What is the number of lines in the listing below that contain the word "align"? Give only that number.

========================================================================

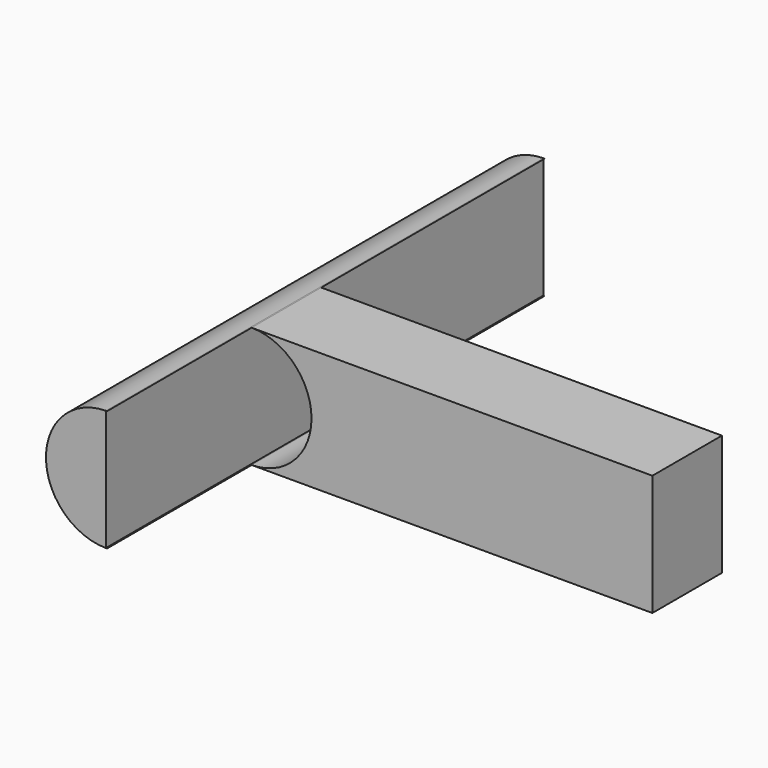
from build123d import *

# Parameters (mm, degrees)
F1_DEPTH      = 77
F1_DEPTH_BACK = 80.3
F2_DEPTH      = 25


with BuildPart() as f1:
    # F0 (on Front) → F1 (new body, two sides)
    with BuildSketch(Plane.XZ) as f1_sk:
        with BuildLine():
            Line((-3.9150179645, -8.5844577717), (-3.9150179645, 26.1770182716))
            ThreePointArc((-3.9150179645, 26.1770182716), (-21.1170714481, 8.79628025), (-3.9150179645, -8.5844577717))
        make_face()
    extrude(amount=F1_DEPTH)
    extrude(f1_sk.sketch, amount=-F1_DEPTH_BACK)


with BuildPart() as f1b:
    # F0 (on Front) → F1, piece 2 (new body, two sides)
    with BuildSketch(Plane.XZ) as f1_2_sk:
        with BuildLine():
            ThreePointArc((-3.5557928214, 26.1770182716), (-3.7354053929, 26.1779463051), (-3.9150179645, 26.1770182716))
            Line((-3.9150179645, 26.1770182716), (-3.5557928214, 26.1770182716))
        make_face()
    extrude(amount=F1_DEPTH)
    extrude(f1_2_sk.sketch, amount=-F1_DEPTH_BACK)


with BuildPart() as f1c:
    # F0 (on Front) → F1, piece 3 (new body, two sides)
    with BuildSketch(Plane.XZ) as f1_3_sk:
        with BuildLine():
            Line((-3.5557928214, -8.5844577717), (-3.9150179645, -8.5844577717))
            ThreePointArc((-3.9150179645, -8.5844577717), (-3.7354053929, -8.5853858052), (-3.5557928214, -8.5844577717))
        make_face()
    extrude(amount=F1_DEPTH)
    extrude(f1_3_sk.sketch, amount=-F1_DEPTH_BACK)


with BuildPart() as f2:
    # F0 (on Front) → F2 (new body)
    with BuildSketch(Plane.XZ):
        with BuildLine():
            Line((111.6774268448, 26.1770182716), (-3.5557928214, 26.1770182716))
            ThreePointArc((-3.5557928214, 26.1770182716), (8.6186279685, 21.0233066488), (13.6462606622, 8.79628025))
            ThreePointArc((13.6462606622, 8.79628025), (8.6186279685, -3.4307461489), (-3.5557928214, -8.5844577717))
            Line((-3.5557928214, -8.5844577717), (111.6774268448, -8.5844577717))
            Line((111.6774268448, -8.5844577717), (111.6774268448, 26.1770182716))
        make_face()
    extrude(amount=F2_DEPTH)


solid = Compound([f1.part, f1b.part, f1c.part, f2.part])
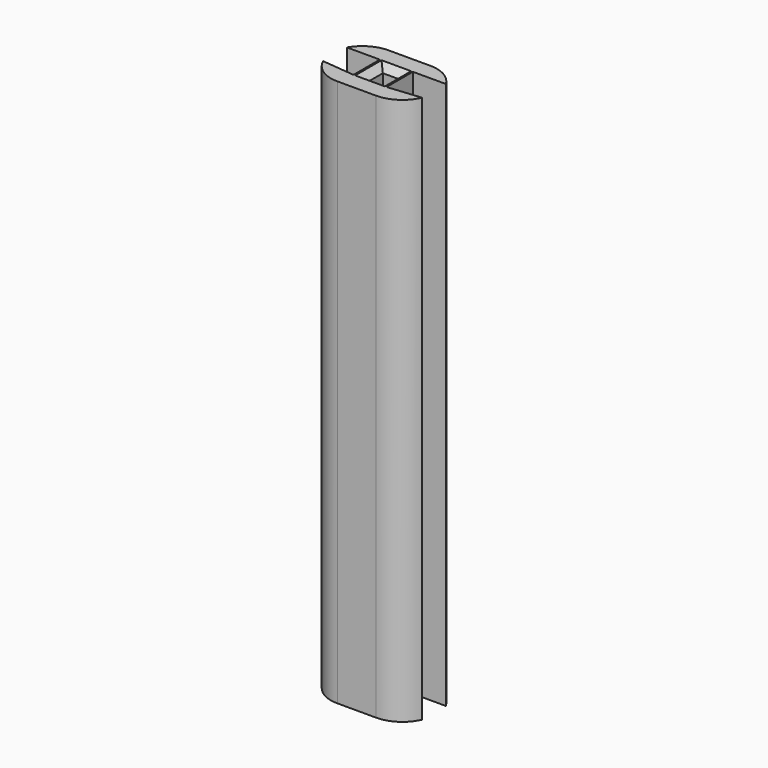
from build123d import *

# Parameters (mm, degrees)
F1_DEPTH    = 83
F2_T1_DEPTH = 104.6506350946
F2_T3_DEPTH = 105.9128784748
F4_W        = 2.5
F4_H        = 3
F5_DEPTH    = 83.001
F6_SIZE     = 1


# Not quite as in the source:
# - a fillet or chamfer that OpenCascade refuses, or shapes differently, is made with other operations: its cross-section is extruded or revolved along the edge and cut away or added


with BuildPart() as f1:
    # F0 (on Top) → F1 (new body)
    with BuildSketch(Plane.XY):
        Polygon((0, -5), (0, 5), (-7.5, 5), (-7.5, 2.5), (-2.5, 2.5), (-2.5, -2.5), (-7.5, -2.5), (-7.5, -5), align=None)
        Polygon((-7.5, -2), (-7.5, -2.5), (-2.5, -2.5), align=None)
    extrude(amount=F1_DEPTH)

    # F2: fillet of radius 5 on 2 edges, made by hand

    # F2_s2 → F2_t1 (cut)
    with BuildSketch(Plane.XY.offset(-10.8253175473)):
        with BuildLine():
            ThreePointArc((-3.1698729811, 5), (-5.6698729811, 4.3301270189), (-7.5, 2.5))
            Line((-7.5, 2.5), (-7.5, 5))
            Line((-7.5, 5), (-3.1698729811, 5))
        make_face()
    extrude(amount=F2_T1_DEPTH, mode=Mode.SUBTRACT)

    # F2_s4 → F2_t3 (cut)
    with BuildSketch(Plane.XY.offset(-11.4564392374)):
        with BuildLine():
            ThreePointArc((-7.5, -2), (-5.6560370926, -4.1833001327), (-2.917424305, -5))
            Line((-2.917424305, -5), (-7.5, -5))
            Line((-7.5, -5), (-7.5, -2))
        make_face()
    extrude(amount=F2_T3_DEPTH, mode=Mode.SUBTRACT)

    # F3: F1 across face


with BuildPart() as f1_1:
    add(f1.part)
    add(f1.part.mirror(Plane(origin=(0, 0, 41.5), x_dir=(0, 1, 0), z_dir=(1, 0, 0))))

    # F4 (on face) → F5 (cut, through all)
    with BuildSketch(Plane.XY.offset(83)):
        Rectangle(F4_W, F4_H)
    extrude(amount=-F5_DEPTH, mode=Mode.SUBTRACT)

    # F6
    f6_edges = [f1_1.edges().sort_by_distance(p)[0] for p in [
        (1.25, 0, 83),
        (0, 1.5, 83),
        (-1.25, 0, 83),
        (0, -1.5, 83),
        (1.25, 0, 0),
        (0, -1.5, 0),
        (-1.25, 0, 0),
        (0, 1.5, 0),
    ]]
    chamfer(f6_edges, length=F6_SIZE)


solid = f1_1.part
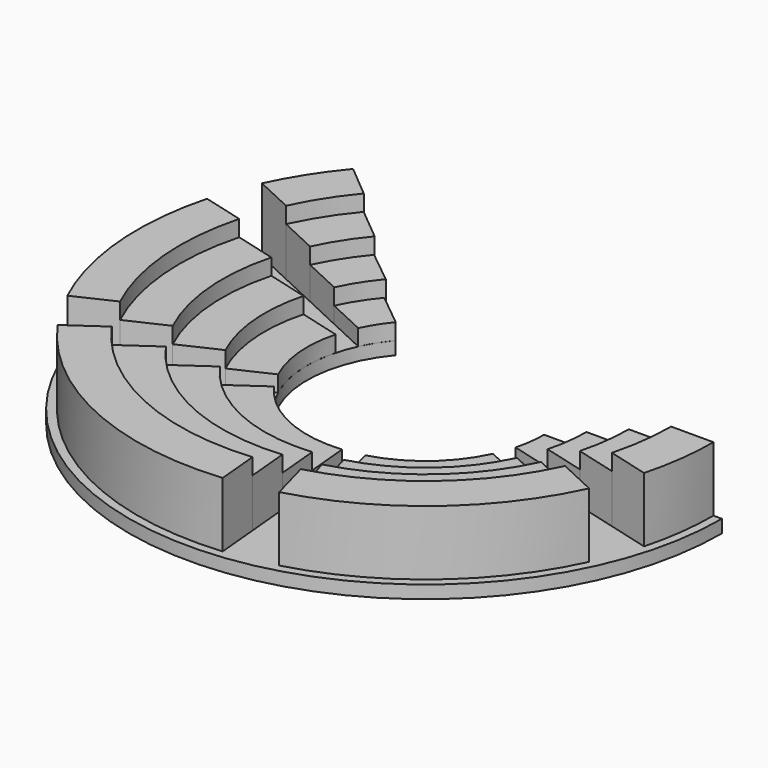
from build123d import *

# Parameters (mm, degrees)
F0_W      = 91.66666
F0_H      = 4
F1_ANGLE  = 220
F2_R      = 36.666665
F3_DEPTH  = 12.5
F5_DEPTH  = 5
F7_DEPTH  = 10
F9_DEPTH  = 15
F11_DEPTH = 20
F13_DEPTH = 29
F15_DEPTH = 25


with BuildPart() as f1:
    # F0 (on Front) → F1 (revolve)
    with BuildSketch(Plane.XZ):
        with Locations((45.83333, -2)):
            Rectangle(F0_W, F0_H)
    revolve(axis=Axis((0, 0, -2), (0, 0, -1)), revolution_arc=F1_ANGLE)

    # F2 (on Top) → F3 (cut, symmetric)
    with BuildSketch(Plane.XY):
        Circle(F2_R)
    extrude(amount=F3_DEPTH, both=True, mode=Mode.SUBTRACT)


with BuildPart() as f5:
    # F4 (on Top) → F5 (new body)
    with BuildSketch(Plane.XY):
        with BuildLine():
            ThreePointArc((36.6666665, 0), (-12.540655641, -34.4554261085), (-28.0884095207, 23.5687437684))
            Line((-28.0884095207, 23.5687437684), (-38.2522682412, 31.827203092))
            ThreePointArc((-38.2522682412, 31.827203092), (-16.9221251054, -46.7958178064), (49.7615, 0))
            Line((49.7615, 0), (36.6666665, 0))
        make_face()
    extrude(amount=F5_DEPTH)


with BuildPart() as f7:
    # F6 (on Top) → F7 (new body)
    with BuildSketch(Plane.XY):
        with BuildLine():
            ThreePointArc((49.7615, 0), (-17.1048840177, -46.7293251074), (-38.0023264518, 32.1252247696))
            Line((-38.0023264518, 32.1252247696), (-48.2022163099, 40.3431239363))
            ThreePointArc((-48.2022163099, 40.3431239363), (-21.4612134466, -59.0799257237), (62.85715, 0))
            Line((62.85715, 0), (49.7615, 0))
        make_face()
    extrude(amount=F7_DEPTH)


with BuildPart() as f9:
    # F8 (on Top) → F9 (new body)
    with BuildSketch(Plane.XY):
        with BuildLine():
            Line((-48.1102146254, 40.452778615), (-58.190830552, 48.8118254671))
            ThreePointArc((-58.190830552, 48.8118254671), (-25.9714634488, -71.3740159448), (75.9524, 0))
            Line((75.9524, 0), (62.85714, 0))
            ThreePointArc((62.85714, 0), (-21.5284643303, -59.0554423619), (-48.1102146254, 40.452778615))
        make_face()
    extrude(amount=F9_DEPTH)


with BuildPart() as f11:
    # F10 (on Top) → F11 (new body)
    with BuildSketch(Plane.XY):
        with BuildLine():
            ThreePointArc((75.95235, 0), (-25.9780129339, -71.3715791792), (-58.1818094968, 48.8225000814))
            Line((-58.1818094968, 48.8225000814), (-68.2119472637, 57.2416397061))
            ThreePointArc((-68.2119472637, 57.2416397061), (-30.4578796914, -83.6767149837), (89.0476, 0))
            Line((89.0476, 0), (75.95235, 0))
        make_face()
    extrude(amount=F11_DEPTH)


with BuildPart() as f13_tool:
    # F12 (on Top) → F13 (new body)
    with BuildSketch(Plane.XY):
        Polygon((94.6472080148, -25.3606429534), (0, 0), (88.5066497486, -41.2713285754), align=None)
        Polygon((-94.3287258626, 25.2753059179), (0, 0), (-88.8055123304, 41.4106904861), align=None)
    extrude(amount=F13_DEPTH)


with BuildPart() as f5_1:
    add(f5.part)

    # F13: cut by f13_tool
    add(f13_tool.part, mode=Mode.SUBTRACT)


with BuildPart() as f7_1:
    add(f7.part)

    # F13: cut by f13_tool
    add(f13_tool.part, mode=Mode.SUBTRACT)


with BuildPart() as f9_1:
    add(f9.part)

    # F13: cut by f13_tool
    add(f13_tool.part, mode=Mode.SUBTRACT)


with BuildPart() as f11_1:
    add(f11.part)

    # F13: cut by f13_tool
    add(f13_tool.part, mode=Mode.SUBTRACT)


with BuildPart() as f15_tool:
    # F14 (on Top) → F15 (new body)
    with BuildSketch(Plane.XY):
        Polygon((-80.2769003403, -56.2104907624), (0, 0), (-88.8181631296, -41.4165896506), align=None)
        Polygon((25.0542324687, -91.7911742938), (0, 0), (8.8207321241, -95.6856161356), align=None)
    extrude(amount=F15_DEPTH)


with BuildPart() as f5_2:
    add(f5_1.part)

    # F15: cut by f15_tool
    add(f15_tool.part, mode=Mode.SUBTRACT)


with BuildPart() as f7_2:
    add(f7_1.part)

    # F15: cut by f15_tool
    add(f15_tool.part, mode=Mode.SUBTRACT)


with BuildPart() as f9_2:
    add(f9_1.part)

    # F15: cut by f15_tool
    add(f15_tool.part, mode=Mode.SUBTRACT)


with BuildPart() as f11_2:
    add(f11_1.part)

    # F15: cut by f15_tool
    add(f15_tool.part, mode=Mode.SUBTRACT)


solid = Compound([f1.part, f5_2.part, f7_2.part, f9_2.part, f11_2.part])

========================================================================

• Output for this task
6